For I know the plans I have for you,” declares the LORD, “plans to prosper you and not to harm you, plans to give you hope and a future.
The plans he has...
for me.
The reason why I started off with that is because between this blog and my last, a lot of things have happened. Writing them is hard. Recalling them from memory and having to live them out in my mind is hard. Analyzing how I felt and giving up my worries and doubts to the Lord is probably going to be the hardest thing to do. But I'm going to do it, because I feel... like I have to.
The theme of the convention I went to was called Surrendered. The worship was awesome, my friends were awesome (more on that..) and the speaker was also amazing. The friday evening was great...really felt His spirit, really connected with Him and it was great. Needed it.
But I hadn't surrendered yet.
I was worshiping God...but there were still some dark corners of my life that I hadn't given to Him. And I knew that I had to...it was just a matter of time; until my soul can't coexist with my dark, sinful nature and it needs an escape.

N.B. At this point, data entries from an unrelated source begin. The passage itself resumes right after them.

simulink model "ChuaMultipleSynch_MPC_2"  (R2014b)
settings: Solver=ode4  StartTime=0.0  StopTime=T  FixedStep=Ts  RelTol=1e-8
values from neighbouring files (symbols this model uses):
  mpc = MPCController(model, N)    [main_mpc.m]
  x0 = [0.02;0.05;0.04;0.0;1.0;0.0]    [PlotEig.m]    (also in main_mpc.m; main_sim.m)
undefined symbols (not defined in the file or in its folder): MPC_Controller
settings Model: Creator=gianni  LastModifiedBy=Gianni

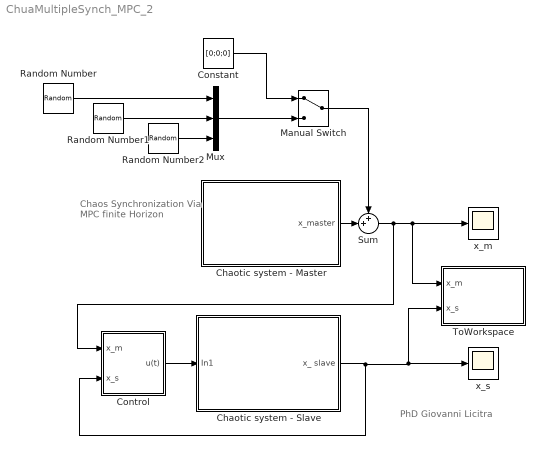
== system ChuaMultipleSynch_MPC_2 ==
  note: PhD Giovanni Licitra
  note: Chaos Synchronization
      | Via MPC finite Horizon
  Chaotic system - Master : Subsystem
      mask Display: image('Chaos.jpg')
  Chaotic system - Slave : Subsystem
      mask Display: image('Chaos.jpg')
  Constant : Constant  Value=[0;0;0]
  Control : Subsystem
  Manual Switch : ManualSwitch
  Mux : Mux  Inputs=3
  Random Number : RandomNumber  Variance=0.002
  Random Number1 : RandomNumber  Variance=0.002
  Random Number2 : RandomNumber  Variance=0.002
  Sum : Sum  Inputs=++|
  ToWorkspace : Subsystem
  x_m : Scope
      settings: YMin=-0.4  YMax=0.4
  x_s : Scope
      settings: YMin=-2
  wires:
  Control/1(u(t)) -> Chaotic system - Slave/1(In1)
  Sum/1 -> ToWorkspace/1(x_m), x_m/1, Control/1(x_m)
  Chaotic system - Slave/1(x_ slave) -> Control/2(x_s), ToWorkspace/2(x_s), x_s/1
  Mux/1 -> Manual Switch/2
  Chaotic system - Master/1(x_master) -> Sum/2
  Manual Switch/1 -> Sum/1
  Random Number/1 -> Mux/1
  Random Number1/1 -> Mux/2
  Random Number2/1 -> Mux/3
  Constant/1 -> Manual Switch/1

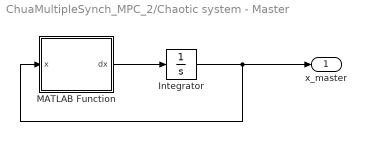
== system ChuaMultipleSynch_MPC_2/Chaotic system - Master ==
  Integrator : Integrator  InitialCondition=x0([1:3])
  MATLAB Function : MATLAB Function  TreatAsAtomicUnit=on
  x_master : Outport
  wires:
  Integrator/1 -> x_master/1, MATLAB Function/1(x)
  MATLAB Function/1(dx) -> Integrator/1

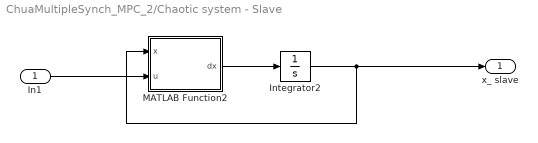
== system ChuaMultipleSynch_MPC_2/Chaotic system - Slave ==
  In1 : Inport
  Integrator2 : Integrator  InitialCondition=x0([4:6])
  MATLAB Function2 : MATLAB Function  TreatAsAtomicUnit=on
  x_ slave : Outport
  wires:
  MATLAB Function2/1(dx) -> Integrator2/1
  In1/1 -> MATLAB Function2/2(u)
  Integrator2/1 -> x_ slave/1, MATLAB Function2/1(x)

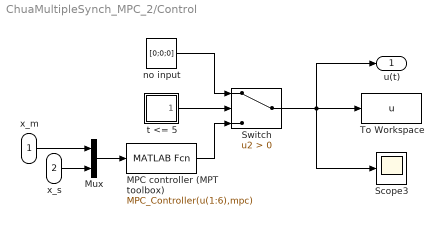
== system ChuaMultipleSynch_MPC_2/Control ==
  x_m : Inport
  x_s : Inport  Port=2
  MPC controller (MPT toolbox) : MATLABFcn  MATLABFcn=MPC_Controller(u(1:6),mpc)
  Mux : Mux  Inputs=2
  Scope3 : Scope
      settings: YMin=-20  YMax=20  SaveName=ScopeData3
  Switch : Switch  Criteria=u2 > Threshold
  To Workspace : ToWorkspace  VariableName=u  SaveFormat=Timeseries  SampleTime=-1
  no input : Constant  Value=[0;0;0]
  t <= 5 : Subsystem
  u(t) : Outport
  wires:
  x_s/1 -> Mux/2
  x_m/1 -> Mux/1
  t <= 5/1(t <= 3) -> Switch/2
  no input/1 -> Switch/1
  Switch/1 -> Scope3/1, To Workspace/1, u(t)/1
  MPC controller (MPT toolbox)/1 -> Switch/3
  Mux/1 -> MPC controller (MPT toolbox)/1

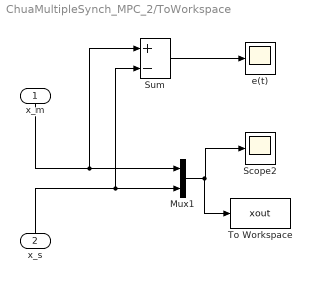
== system ChuaMultipleSynch_MPC_2/ToWorkspace ==
  x_m : Inport
  x_s : Inport  Port=2
  Mux1 : Mux  Inputs=2
  Scope2 : Scope
      settings: YMin=-3  SaveName=ScopeData2
  Sum : Sum  Inputs=+-
  To Workspace : ToWorkspace  VariableName=xout  SaveFormat=Timeseries  SampleTime=-1
  e(t) : Scope
      settings: YMin=-6  YMax=3  SaveName=ScopeData4
  wires:
  Mux1/1 -> To Workspace/1, Scope2/1
  x_s/1 -> Sum/2, Mux1/2
  x_m/1 -> Sum/1, Mux1/1
  Sum/1 -> e(t)/1

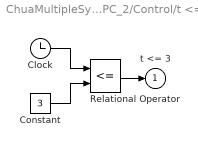
== system ChuaMultipleSynch_MPC_2/Control/t <= 5 ==
  Clock : Clock
  Constant : Constant  Value=3
  Relational Operator : RelationalOperator  Operator=<=  InputSameDT=on
  t <= 3 : Outport  InitialOutput=0
  wires:
  Constant/1 -> Relational Operator/2
  Clock/1 -> Relational Operator/1
  Relational Operator/1 -> t <= 3/1

== matlab function ChuaMultipleSynch_MPC_2/Chaotic system - Master/MATLAB Function ==
  data: x input; dx output
function dx = ode(x)                             
    alpha = 15.6;beta = 28;m0 = -1.143;m1 = -0.714; % master system parameter 
    x1 = x(1);y1 = x(2);z1 = x(3);     % master sys states    
    f_x1 = m1*x1+0.5*(m0-m1)*(abs(x1+1)-abs(x1-1)); % non linearita master
    dx = [alpha*(y1-x1-f_x1);% 
          x1 - y1+ z1;
          -beta*y1];    
end

== matlab function ChuaMultipleSynch_MPC_2/Chaotic system - Slave/MATLAB Function2 ==
  data: x input; dx output; u input
function dx = ode(x,u)                             
    a = 28;b = 10;c = 8/3;             % slave system parameter    
    x2 = x(1);y2 = x(2);z2 = x(3);     % slave sys states
    ux = u(1);uy = u(2); uz = u(3);    % control to slave system
        
    dx = [b*(y2-x2)+ux;
          x2*(a-z2)-y2+uy;
          x2*y2-c*z2+uz];
end

On the Saturday morning, during the last part of worship, it all just hit me. How sinful I'd become, how I thought I could hide from His gaze; how I thought that I could get away with all of this and still look and be perfect on the outside. I realized that it doesn't matter how much I've done...Jesus paid it all. It doesn't matter that it's a problem that people assume Christians never have. I realized that I had to give to Him right there. I cried during most of that worship session...right until it was finished. At that moment I thought to myself, "I can't do this alone...I tried, it doesn't work. And I don't wanna go anymore if You're not right beside me." I opened my eyes for a split second and heard a voice of one of my churchmates whom I thought didn't really have a strong relationship with the Lord. He didn't do anything spectacular. Just sat beside me, rubbed my back, tried to calm me down. It might not of looked like much...but at the time, God said to me, "Look at the people I've sent to you. Look at the friends you've made and the trust you have. You can trust them with you...the real you." I opened my eyes again and saw one of my best friends sitting beside me. I wish I could describe to them the gratitude I felt...but I couldn't. I still can't. It's at times like these you thank God for putting you where you are.